This year, more than four decades later, dermatologists are still using minoxidil to treat hair-loss, but differently. It's now something of an open secret in the field that a tiny dose of oral minoxidil — the same pill that doctors prescribe at a higher concentration to treat hypertension — can work just as well as the head rub Rogaine. And it's dirt cheap, too.
Like Rogaine, oral minoxidil doesn't work for everybody who's balding, but it's a nice alternative to the sticky topical formulation of the medicine, which can be a hassle to apply.
In 2022, the FDA finally approved a treatment for alopecia areata, the balding condition Jada Pinkett Smith has
Alopecia areata is different from hormonal or genetic hair loss.
It's an autoimmune condition that triggers inflammation inside your skull, around the root of the hair shaft.
"Once that inflammation occurs, the hair becomes thinner and falls out, and then it gets stuck in a part of the hair cycle where it doesn't grow," Mostaghimi explained.
This can result in round, smooth bald patches, or even complete hair loss all over the body.
The new drug is called Olumiant, and it's a once-a-day pill for adults with severe alopecia areata
Mostaghimi said the genetic research to make this new drug possible started in the late 1990s, when a patient advocacy group (The National Alopecia Areata Foundation) partnered with Columbia University to do genetic sequencing on alopecia areata patients.
Over the years, they've discovered how people with alopecia areata have more mutations in their JAK-STAT pathway, a critical component of the immune system that is also targeted to treat other diseases like rheumatoid arthritis and psoriasis.
In June, the FDA approved rheumatoid arthritis drug Olumiant (baricitinib) to treat alopecia areata, after successful late-stage trials. Scientists found that a four-milligram dose of the drug led to "significant scalp hair regrowth" within a year for 40% of patients. That meant around 80% or more scalp coverage.

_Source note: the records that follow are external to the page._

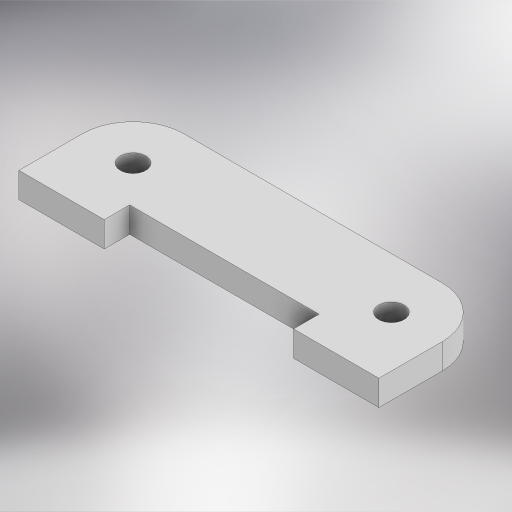
# Autodesk Inventor part: board_holder
Saved by Autodesk Inventor 2023.5 (Build 275446000, 446)
## iProperties
Created: 2026-10-31
Part Number: board_holder
Material: Generic
Document SubType Name: Modeling
Designer: WORKPLUS
Density: 1 g/cm^3
Appearance: Default
Author: WORKPLUS
Autodesk Inventor part; units mm, degrees
ref_plane "YZ Plane" through (0, 0, 0) normal (1, 0, 0) x (0, 1, 0)
ref_plane "XZ Plane" through (0, 0, 0) normal (0, 1, 0) x (-1, 0, 0)
ref_plane "XY Plane" through (0, 0, 0) normal (0, 0, 1) x (1, 0, 0)
sketch "Sketch1" plane through (0, 0, 0) normal (0, 1, 0) x (-1, 0, 0)
  line L0 (35.4, -23.719) -> (35.4, -36.169)
  line L1 (25.4, -46.169) -> (-25.4, -46.169)
  line L2 (-35.4, -36.169) -> (-35.4, -23.719)
  circle A0 centre (25.4, -36.169) radius 2.5
  circle A1 centre (-25.4, -36.169) radius 2.5
  arc A2 (25.4, -46.169) -> (35.4, -36.169) centre (25.4, -36.169) ccw
  arc A3 (-35.4, -36.169) -> (-25.4, -46.169) centre (-25.4, -36.169) ccw
  line L3 (-18.6144, -21.219) -> (-18.6146, -21.219)
  line L4 (-18.6146, -23.719) -> (-18.6146, -28.719)
  line L5 (-18.6146, -28.719) -> (18.6144, -28.719)
  line L6 (18.6144, -28.719) -> (18.6144, -23.719)
  line L7 (18.6144, -28.719) -> (-18.6146, -28.719)
  line L8 (-35.4, -28.719) -> (-35.4, -23.719)
  line L9 (35.4, -23.719) -> (35.4, -28.719)
  line L10 (-35.4, -23.719) -> (-18.6146, -23.719)
  line L11 (18.6144, -23.719) -> (35.4, -23.719)
  point P0 (0, 0)
  dimension "d1" = 5
  dimension "d2" = 5
  dimension "d3" = 25.4
  dimension "d4" = 25.4
  dimension "d5" = 10
  dimension "d6" = 10
  dimension "d8" = 10
  dimension "d9" = 10
  dimension "d12" = 10
  dimension "d16" = 37.229
  dimension "d17" = 7.5
  constraints: 24 end point, 6 parallel, 4 centre point, 4 point on circle, 4 tangent, 2 horizontal, 2 perpendicular, 1 point on line
  measures "d1" diameter of A0
  measures "d2" diameter of A1
  measures "d3" horizontal distance of point (0, 0) A1.centre
  measures "d4" horizontal distance of point (0, 0) A0.centre
  measures "d5" distance from line of L1 A0.centre
  measures "d6" distance from line of L0 A0.centre
  measures "d8" radius of A2
  measures "d9" radius of A3
  measures "d12" distance from line of L1 A1.centre
  measures "d16" distance of L5.end L4.end
  measures "d17" distance of L4.end L3.end
extrude "Extrusion1" add sketch "Sketch1" along normal blind 5
body "Solid1"
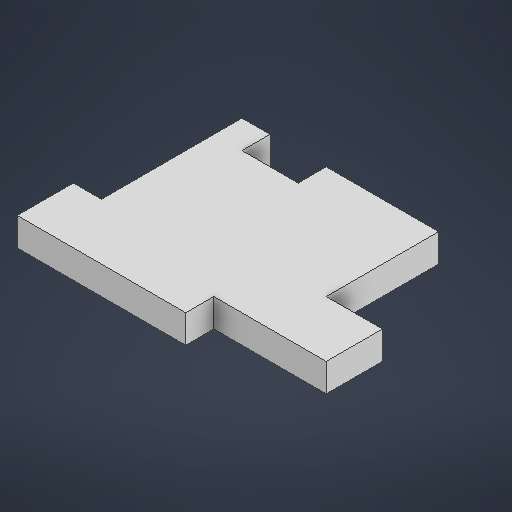
# Autodesk Inventor part: partTWO
Saved by Autodesk Inventor 2027 (Build 310192060, 192F)
## iProperties
Created: 2026-10-28
Part Number: partTWO
Material: Generic
Document SubType Name: Modeling
Designer: 6100673
Density: 1 g/cm^3
Appearance: Default
Author: 6100673
Autodesk Inventor part; units mm, degrees
ref_plane "YZ Plane" through (0, 0, 0) normal (1, 0, 0) x (0, 1, 0)
ref_plane "XZ Plane" through (0, 0, 0) normal (0, 1, 0) x (-1, 0, 0)
ref_plane "XY Plane" through (0, 0, 0) normal (0, 0, 1) x (1, 0, 0)
sketch "Sketch8" plane through (0, 0, 0) normal (0, 1, 0) x (-1, 0, 0)
  line L0 (0, 0) -> (-60, 0)
  line L1 (-60, 0) -> (-60, -10)
  line L2 (-60, -10) -> (-100, -10)
  line L3 (-100, -10) -> (-100, -30)
  line L4 (-100, -30) -> (-80, -30)
  line L5 (-80, -30) -> (-80, -70)
  line L6 (-80, -70) -> (-40, -70)
  line L7 (-40, -70) -> (-40, -60)
  line L8 (-40, -60) -> (-20, -60)
  line L9 (-20, -60) -> (-20, -70)
  line L10 (-20, -70) -> (-10, -70)
  line L11 (-10, -70) -> (-10, -20)
  line L12 (-10, -20) -> (0, -20)
  line L13 (0, -20) -> (0, 0)
  dimension "d8" = 60
  dimension "d9" = 10
  dimension "d10" = 40
  dimension "d11" = 20
  dimension "d12" = 20
  dimension "d13" = 40
  dimension "d14" = 40
  dimension "d15" = 10
  dimension "d16" = 20
  dimension "d17" = 10
  dimension "d18" = 10
  dimension "d19" = 50
  constraints: 28 end point, 11 perpendicular, 2 point on line, 1 horizontal
  measures "d8" distance of L0.start L0.end
  measures "d9" distance of L0.end L1.end
  measures "d10" distance of L1.end L2.end
  measures "d11" distance of L2.end L3.end
  measures "d12" distance of L3.end L4.end
  measures "d13" distance of L4.end L5.end
  measures "d14" distance of L5.end L6.end
  measures "d15" distance of L6.end L7.end
  measures "d16" distance of L7.end L8.end
  measures "d17" distance of L8.end L9.end
  measures "d18" distance of L9.end L10.end
  measures "d19" distance of L10.end L11.end
extrude "Extrusion1" add sketch "Sketch8" along normal blind 10
body "Solid3"

2 more alopecia areata treatments reached late-stage trials this year, and could hit the market soon
Ritlecitinib, a once daily pill from Pfizer, is under FDA review . If approved, it would be available to alopecia areata patients 12 and up.
Another pharmaceutical maker, Concert, is also trialing a twice daily pill for alopecia areata (CTP‑543). Its results look promising too: some patients trialing the drug were able to regrow a near-full head of hair.
Mostaghimi, whose daughter has alopecia areata , said it would be great to "go from having no FDA-approved options" to treat the condition earlier this year "to, hopefully, up to three, by 2024."
This year, we also got the first ever comprehensive study of supplements for hair loss
Mostaghimi says he was "inspired by my patients" to research supplements for hair loss.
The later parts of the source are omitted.